## [Work instructions]
Return all of the entries exactly, with nothing added or left out.

━━━━━━━━━━

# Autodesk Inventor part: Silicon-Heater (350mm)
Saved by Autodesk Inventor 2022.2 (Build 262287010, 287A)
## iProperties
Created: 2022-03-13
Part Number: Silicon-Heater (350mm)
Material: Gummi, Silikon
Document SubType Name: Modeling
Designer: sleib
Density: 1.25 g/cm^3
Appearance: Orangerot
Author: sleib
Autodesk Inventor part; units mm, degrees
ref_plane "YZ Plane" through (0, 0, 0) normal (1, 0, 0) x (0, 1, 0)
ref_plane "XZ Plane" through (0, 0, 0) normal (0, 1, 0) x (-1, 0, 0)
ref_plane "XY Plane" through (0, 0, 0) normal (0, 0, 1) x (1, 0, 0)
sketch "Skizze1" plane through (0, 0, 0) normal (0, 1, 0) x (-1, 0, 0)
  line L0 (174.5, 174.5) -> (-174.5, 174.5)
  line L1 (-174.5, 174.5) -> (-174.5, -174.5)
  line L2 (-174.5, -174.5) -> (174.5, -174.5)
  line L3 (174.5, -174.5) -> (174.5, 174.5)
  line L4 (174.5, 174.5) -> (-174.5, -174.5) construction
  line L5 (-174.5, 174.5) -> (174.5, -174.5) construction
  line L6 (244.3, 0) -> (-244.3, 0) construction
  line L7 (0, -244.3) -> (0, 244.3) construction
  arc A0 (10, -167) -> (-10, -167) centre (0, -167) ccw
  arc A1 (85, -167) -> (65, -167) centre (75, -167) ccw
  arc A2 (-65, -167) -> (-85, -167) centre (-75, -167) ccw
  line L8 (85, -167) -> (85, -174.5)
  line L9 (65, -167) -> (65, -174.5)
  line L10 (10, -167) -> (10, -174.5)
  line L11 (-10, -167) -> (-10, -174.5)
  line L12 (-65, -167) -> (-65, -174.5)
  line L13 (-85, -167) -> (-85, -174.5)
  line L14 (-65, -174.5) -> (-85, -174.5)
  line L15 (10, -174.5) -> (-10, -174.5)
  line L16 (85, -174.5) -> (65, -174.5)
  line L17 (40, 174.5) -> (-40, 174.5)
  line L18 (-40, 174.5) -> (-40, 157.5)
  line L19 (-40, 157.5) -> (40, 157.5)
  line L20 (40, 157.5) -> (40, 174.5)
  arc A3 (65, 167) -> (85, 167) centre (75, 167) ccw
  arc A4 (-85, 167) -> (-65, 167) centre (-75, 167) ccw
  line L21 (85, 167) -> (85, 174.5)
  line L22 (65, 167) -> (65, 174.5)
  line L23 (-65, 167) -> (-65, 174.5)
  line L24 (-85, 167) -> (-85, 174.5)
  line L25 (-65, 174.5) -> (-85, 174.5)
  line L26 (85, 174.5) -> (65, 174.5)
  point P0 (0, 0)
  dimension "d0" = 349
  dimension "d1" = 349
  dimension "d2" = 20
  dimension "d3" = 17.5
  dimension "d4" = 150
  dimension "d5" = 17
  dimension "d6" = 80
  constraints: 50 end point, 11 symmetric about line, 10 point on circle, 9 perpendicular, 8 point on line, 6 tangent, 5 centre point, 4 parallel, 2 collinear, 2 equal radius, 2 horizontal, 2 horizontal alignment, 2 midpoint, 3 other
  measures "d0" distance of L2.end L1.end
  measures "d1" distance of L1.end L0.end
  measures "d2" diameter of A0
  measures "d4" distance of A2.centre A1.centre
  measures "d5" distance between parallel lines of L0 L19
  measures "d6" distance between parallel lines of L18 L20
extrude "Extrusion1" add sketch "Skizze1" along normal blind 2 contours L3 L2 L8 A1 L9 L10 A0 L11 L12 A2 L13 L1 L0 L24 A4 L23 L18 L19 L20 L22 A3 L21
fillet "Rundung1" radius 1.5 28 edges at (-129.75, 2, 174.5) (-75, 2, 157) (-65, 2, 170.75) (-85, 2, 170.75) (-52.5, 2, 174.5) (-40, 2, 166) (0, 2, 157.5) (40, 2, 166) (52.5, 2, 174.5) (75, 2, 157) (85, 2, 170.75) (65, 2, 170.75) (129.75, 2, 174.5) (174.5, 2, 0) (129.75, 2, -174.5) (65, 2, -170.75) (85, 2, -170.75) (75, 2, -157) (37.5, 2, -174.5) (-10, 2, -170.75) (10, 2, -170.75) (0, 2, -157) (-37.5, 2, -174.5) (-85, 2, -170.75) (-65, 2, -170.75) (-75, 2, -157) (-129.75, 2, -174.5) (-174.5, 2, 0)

━━━━━━━━━━

## [Solution to this exercise]
# Autodesk Inventor part: Silicon-Heater (350mm)
Saved by Autodesk Inventor 2022.2 (Build 262287010, 287A)
## iProperties
Created: 2022-03-13
Part Number: Silicon-Heater (350mm)
Material: Gummi, Silikon
Document SubType Name: Modeling
Designer: sleib
Density: 1.25 g/cm^3
Appearance: Orangerot
Author: sleib
Autodesk Inventor part; units mm, degrees
ref_plane "YZ Plane" through (0, 0, 0) normal (1, 0, 0) x (0, 1, 0)
ref_plane "XZ Plane" through (0, 0, 0) normal (0, 1, 0) x (-1, 0, 0)
ref_plane "XY Plane" through (0, 0, 0) normal (0, 0, 1) x (1, 0, 0)
sketch "Skizze1" plane through (0, 0, 0) normal (0, 1, 0) x (-1, 0, 0)
  line L0 (174.5, 174.5) -> (-174.5, 174.5)
  line L1 (-174.5, 174.5) -> (-174.5, -174.5)
  line L2 (-174.5, -174.5) -> (174.5, -174.5)
  line L3 (174.5, -174.5) -> (174.5, 174.5)
  line L4 (174.5, 174.5) -> (-174.5, -174.5) construction
  line L5 (-174.5, 174.5) -> (174.5, -174.5) construction
  line L6 (244.3, 0) -> (-244.3, 0) construction
  line L7 (0, -244.3) -> (0, 244.3) construction
  arc A0 (10, -167) -> (-10, -167) centre (0, -167) ccw
  arc A1 (85, -167) -> (65, -167) centre (75, -167) ccw
  arc A2 (-65, -167) -> (-85, -167) centre (-75, -167) ccw
  line L8 (85, -167) -> (85, -174.5)
  line L9 (65, -167) -> (65, -174.5)
  line L10 (10, -167) -> (10, -174.5)
  line L11 (-10, -167) -> (-10, -174.5)
  line L12 (-65, -167) -> (-65, -174.5)
  line L13 (-85, -167) -> (-85, -174.5)
  line L14 (-65, -174.5) -> (-85, -174.5)
  line L15 (10, -174.5) -> (-10, -174.5)
  line L16 (85, -174.5) -> (65, -174.5)
  line L17 (40, 174.5) -> (-40, 174.5)
  line L18 (-40, 174.5) -> (-40, 157.5)
  line L19 (-40, 157.5) -> (40, 157.5)
  line L20 (40, 157.5) -> (40, 174.5)
  arc A3 (65, 167) -> (85, 167) centre (75, 167) ccw
  arc A4 (-85, 167) -> (-65, 167) centre (-75, 167) ccw
  line L21 (85, 167) -> (85, 174.5)
  line L22 (65, 167) -> (65, 174.5)
  line L23 (-65, 167) -> (-65, 174.5)
  line L24 (-85, 167) -> (-85, 174.5)
  line L25 (-65, 174.5) -> (-85, 174.5)
  line L26 (85, 174.5) -> (65, 174.5)
  point P0 (0, 0)
  dimension "d0" = 349
  dimension "d1" = 349
  dimension "d2" = 20
  dimension "d3" = 17.5
  dimension "d4" = 150
  dimension "d5" = 17
  dimension "d6" = 80
  constraints: 50 end point, 11 symmetric about line, 10 point on circle, 9 perpendicular, 8 point on line, 6 tangent, 5 centre point, 4 parallel, 2 collinear, 2 equal radius, 2 horizontal, 2 horizontal alignment, 2 midpoint, 3 other
  measures "d0" distance of L2.end L1.end
  measures "d1" distance of L1.end L0.end
  measures "d2" diameter of A0
  measures "d4" distance of A2.centre A1.centre
  measures "d5" distance between parallel lines of L0 L19
  measures "d6" distance between parallel lines of L18 L20
extrude "Extrusion1" add sketch "Skizze1" along normal blind 2 contours L3 L2 L8 A1 L9 L10 A0 L11 L12 A2 L13 L1 L0 L24 A4 L23 L18 L19 L20 L22 A3 L21
fillet "Rundung1" radius 1.5 28 edges at (-129.75, 2, 174.5) (-75, 2, 157) (-65, 2, 170.75) (-85, 2, 170.75) (-52.5, 2, 174.5) (-40, 2, 166) (0, 2, 157.5) (40, 2, 166) (52.5, 2, 174.5) (75, 2, 157) (85, 2, 170.75) (65, 2, 170.75) (129.75, 2, 174.5) (174.5, 2, 0) (129.75, 2, -174.5) (65, 2, -170.75) (85, 2, -170.75) (75, 2, -157) (37.5, 2, -174.5) (-10, 2, -170.75) (10, 2, -170.75) (0, 2, -157) (-37.5, 2, -174.5) (-85, 2, -170.75) (-65, 2, -170.75) (-75, 2, -157) (-129.75, 2, -174.5) (-174.5, 2, 0)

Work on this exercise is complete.